Scott Milam's script just gets dumber from there.  The hostages have plenty of chances to get the upper hand (like when De Mornay and trigger-happy son Warren Kole dance to Roger Miller's "Do Wacka Do" and everyone's too obliviously busy watching two bickering hostages brawl), but only try anything when it's completely impossible, because otherwise the film couldn't be stretched out to 112 minutes with about nine climaxes and a terrible ending.  And this takes place in a neighborhood, but somehow, the screaming, the gunshots, and the commotion attract no attention.  There seems to be one cop on duty in the whole town.  Plus, there's a bunch of news and radio reports throughout the film of a tornado warning, with the twister on its way, but it must've taken the scenic route because it never comes.  De Mornay's performance almost makes this worth seeing, even if she's basically playing her HAND THAT ROCKS THE CRADLE character two decades later.  She's always been an underrated actress and she's pretty terrific here, whether she's cozily sweet-talking her hostages with an evil gleam in her eyes, or the way she delivers Mother's cutting remarks.  The bit where she takes a quick look at Evigan's extensive tattoos and, just from that, condescendingly sneers "Hmm...must've been rough after your father left," is priceless.  It's too bad the film isn't up to her level. (R, 112 mins).

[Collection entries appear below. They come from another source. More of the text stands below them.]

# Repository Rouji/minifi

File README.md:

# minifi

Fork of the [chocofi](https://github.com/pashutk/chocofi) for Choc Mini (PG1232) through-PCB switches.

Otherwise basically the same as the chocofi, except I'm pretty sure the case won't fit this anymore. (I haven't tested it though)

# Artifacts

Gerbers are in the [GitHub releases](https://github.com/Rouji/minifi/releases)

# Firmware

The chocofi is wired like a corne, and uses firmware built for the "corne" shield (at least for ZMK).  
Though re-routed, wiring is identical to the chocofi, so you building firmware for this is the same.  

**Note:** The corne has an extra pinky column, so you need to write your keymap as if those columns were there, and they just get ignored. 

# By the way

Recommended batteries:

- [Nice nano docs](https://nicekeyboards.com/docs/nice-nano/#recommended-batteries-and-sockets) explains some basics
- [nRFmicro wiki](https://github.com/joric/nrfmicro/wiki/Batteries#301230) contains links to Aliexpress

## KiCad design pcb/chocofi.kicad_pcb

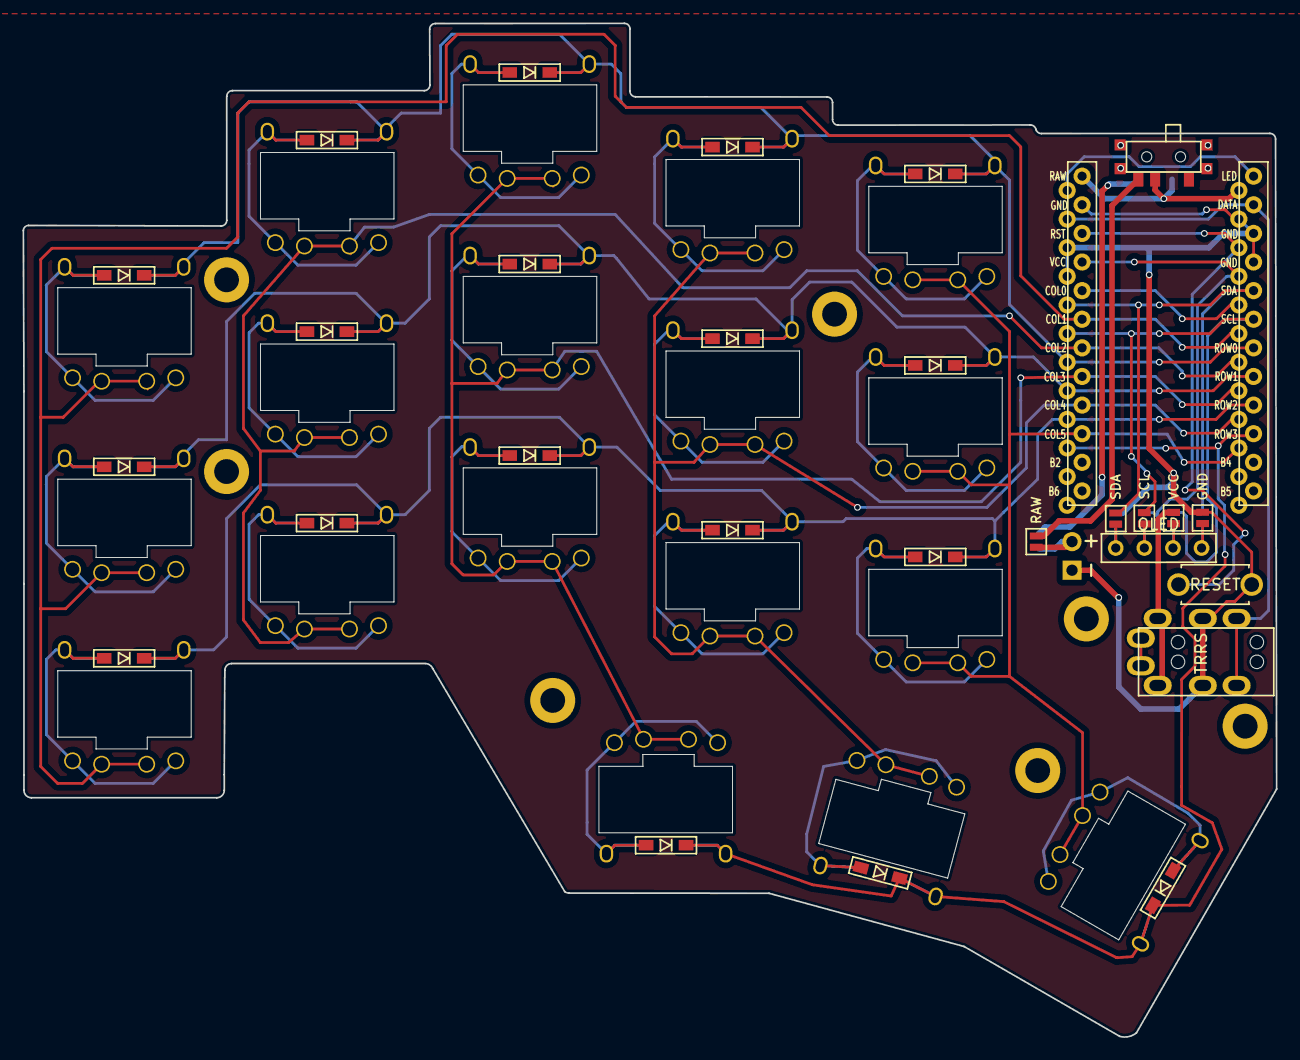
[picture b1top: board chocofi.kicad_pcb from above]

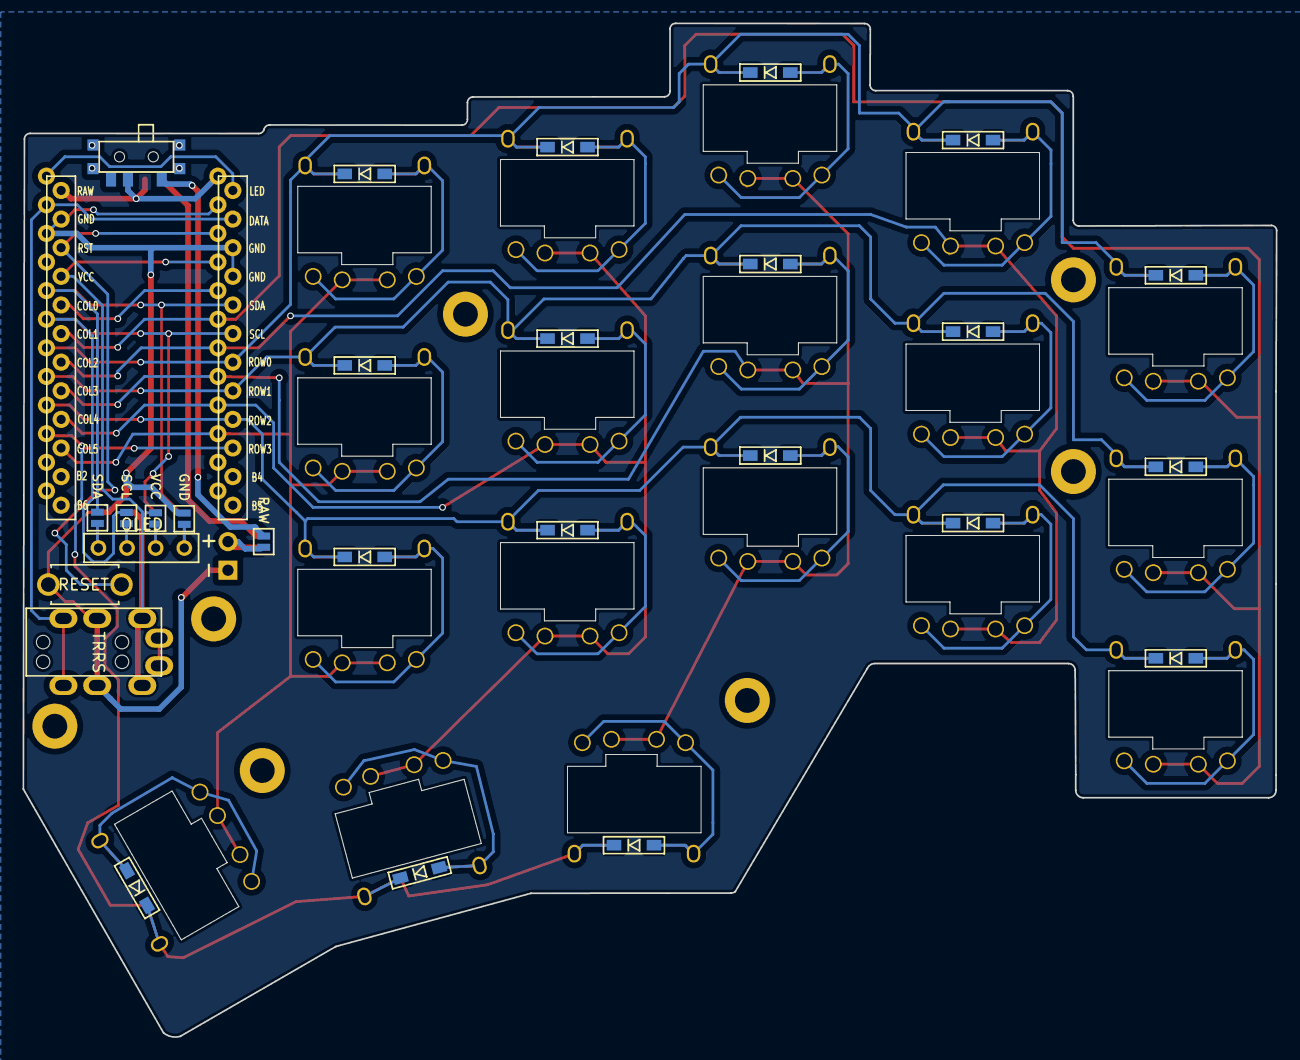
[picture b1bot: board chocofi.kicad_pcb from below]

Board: 2 copper layers, 111.3 x 90.0 mm, 60 parts (23 on the bottom side), 40 nets.

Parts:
D2, D3, D4, D5, D6, D8, D9, D10, D11, D12, D14, D15, D16, D17, D18, D19, D20, D21: D; D3_TH_SMD
H1: h1; LEGO_HOLE
J1: MJ-4PP-9
J2: OLED
J3: Conn_01x02_Female; Battery_TH
JP6, JP61: SDA; Jumper
JP61#2, JP62#2: RAW; Jumper
JP62, JP68: GND; Jumper
JP63, JP66: SCL; Jumper
JP64, JP65: VCC; Jumper
RSW1: Val**; ResetSW
SW1, SW2#2: SW_SPDT; SW_SPDT+H-MSK12C01_hor(7pin_SMD)
SW2, SW3, SW4, SW5, SW6, SW8, SW9, SW10, SW11, SW12, SW14, SW15, SW16, SW17, SW18, SW19, SW20, SW21: SW_PUSH; SW_Kailh_Choc_Mini_1.00u_reversible
U1: ProMicro; ProMicro_v2
h2: h2; LEGO_HOLE
h3: h3; LEGO_HOLE
h4: h4; LEGO_HOLE
h5: h5; LEGO_HOLE
h6: h6; LEGO_HOLE
h7: h7; LEGO_HOLE

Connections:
BAT_PLUS: J3.2, JP61#2.2, JP62#2.2
GND: J1.C, J3.1, JP62.1, JP68.1, RSW1.1, U1.3, U1.4, U1.23
unnamed: D2.2, SW2.2
unnamed: D3.2, SW3.2
unnamed: D4.2, SW4.2
unnamed: D5.2, SW5.2
unnamed: D6.2, SW6.2
unnamed: D8.2, SW8.2
unnamed: D9.2, SW9.2
unnamed: D10.2, SW10.2
unnamed: D11.2, SW11.2
unnamed: D12.2, SW12.2
unnamed: D14.2, SW14.2
unnamed: D15.2, SW15.2
unnamed: D16.2, SW16.2
unnamed: D17.2, SW17.2
unnamed: D18.2, SW18.2
unnamed: D19.2, SW19.2
unnamed: D20.2, SW20.2
unnamed: D21.2, SW21.2
unnamed: J2.3, JP65.2, JP66.2
unnamed: J2.4, JP6.2, JP68.2
unnamed: J2.2, JP63.2, JP64.2
unnamed: J2.1, JP61.2, JP62.2
unnamed: SW1.2 (B), SW2#2.2 (B), U1.24
SCL: JP63.1, JP66.1, U1.6
SDA: JP6.1, JP61.1, U1.5
SW_RAW_2: JP61#2.1, SW1.3 (C)
VCC: J1.D, JP64.1, JP65.1, U1.21
col1: SW2.1, SW8.1, SW14.1, U1.19
col2: SW3.1, SW9.1, SW15.1, U1.18
col3: SW4.1, SW10.1, SW16.1, SW19.1, U1.17
col4: SW5.1, SW11.1, SW17.1, SW20.1, U1.16
col5: SW6.1, SW12.1, SW18.1, SW21.1, U1.15
data: J1.B, U1.2
reset: RSW1.2, U1.22
row0: D2.1, D3.1, D4.1, D5.1, D6.1, U1.7
row1: D8.1, D9.1, D10.1, D11.1, D12.1, U1.8
row2: D14.1, D15.1, D16.1, D17.1, D18.1, U1.9
row3: D19.1, D20.1, D21.1, U1.10

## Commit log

2024-09-23 swap switch footprints for choc mini ones + reroute
2024-09-23 rm gerber stuff
    belongs in releases, not the repo
2025-04-04 remove diode through-holes, move diode pads to led-hole
    through hole diodes obv. don't fit on the side the switches are on,
    and are taller than the feet on the other side.
    we're looking for thinness here, so through-hole diodes are out
    moved the diode pads so the (smd) diodes sit in the void choc minis have
    for LEDs
    also using the adjacent foot through-holes of the switch as a via for
2025-04-26 swap out images, rm case, update readme
2025-04-26 readme: add hint about firmware
2025-04-26 readme: add picture from top

(Japan/The Netherlands, 2009)
(2012 US release)

Reportedly Japan's first 3-D horror film, the largely loathed THE SHOCK LABYRINTH took three years to get a straight to-DVD/Blu-ray release in the US (there's also a 3-D Blu-ray available).  Directed by J-horror auteur Takashi Shimizu (JU-ON, THE GRUDGE, MAREBITO), THE SHOCK LABYRINTH has proven wildly unpopular with horror fans, whose comments on IMDb (where it has an average rating of 3.9 out of 10) essentially dismiss it as  "JU-ON for the under-12 set." THE SHOCK LABYRINTH's biggest crime seems to be that it's not the film Shimizu's fans wanted it to be.  In a time-fractured narrative, college-aged Ken (Yuya Yagira) is visiting childhood friends and couple Motoko (Ryo Katsuji) and blind Rin (Ai Maeda), when they get an unexpected visit from Yuki (Misako Renbutsu).  Yuki is in hospital garb and disoriented, and they haven't seen her in ten years.  They aren't even sure it's her.  They take Yuki to her sister Miyu (Erina Mizuno), who can't believe she's seeing Yuki, and their mother, who seems to have lost all connection with reality, doesn't even acknowledge she's there.  When Yuki is injured, they take her to the nearest hospital, which they find almost completely abandoned except for the audible sound of children playing somewhere.  Shimizu then cuts to five children at an amusement park ten years earlier.  They go into the Shock Labyrinth, an abandoned funhouse, and encounter...themselves ten years later, in the abandoned hospital.  Past and present continue to overlap as they piece together what happened in the Shock Labyrinth ten years earlier, and figure out why they've been drawn to this place to encounter the childhood versions of themselves.

There's not much here that's overtly scary (depending on how terrified you are of a stuffed toy rabbit that seems to get around on its own), but Shimizu is focused more on mood than shocks.  Though he eventually caves to some iconic J-horror elements here and there, Shimizu's use of garish red and blue lighting, surreal imagery, creepy mannequins and animatronic funhouse figures, and a ghostly girl in a white dress indicate a very intentional homage to both Mario Bava and Dario Argento.  There's audio and visual shout-outs to Argento's INFERNO, PHENOMENA, and SUSPIRIA and Bava's KILL, BABY...KILL! and LISA AND THE DEVIL just to name a few.  So, fans may have wanted another JU-ON, but that's not THE SHOCK LABYRINTH's motive.  There's almost no gore, but it does get a bit intense near the end.  While the final reveal isn't exactly a shocker, THE SHOCK LABYRINTH is one of Shimizu's most interesting projects, and one not at all deserving of the derision that's been heaped upon it. (Unrated, 89 mins).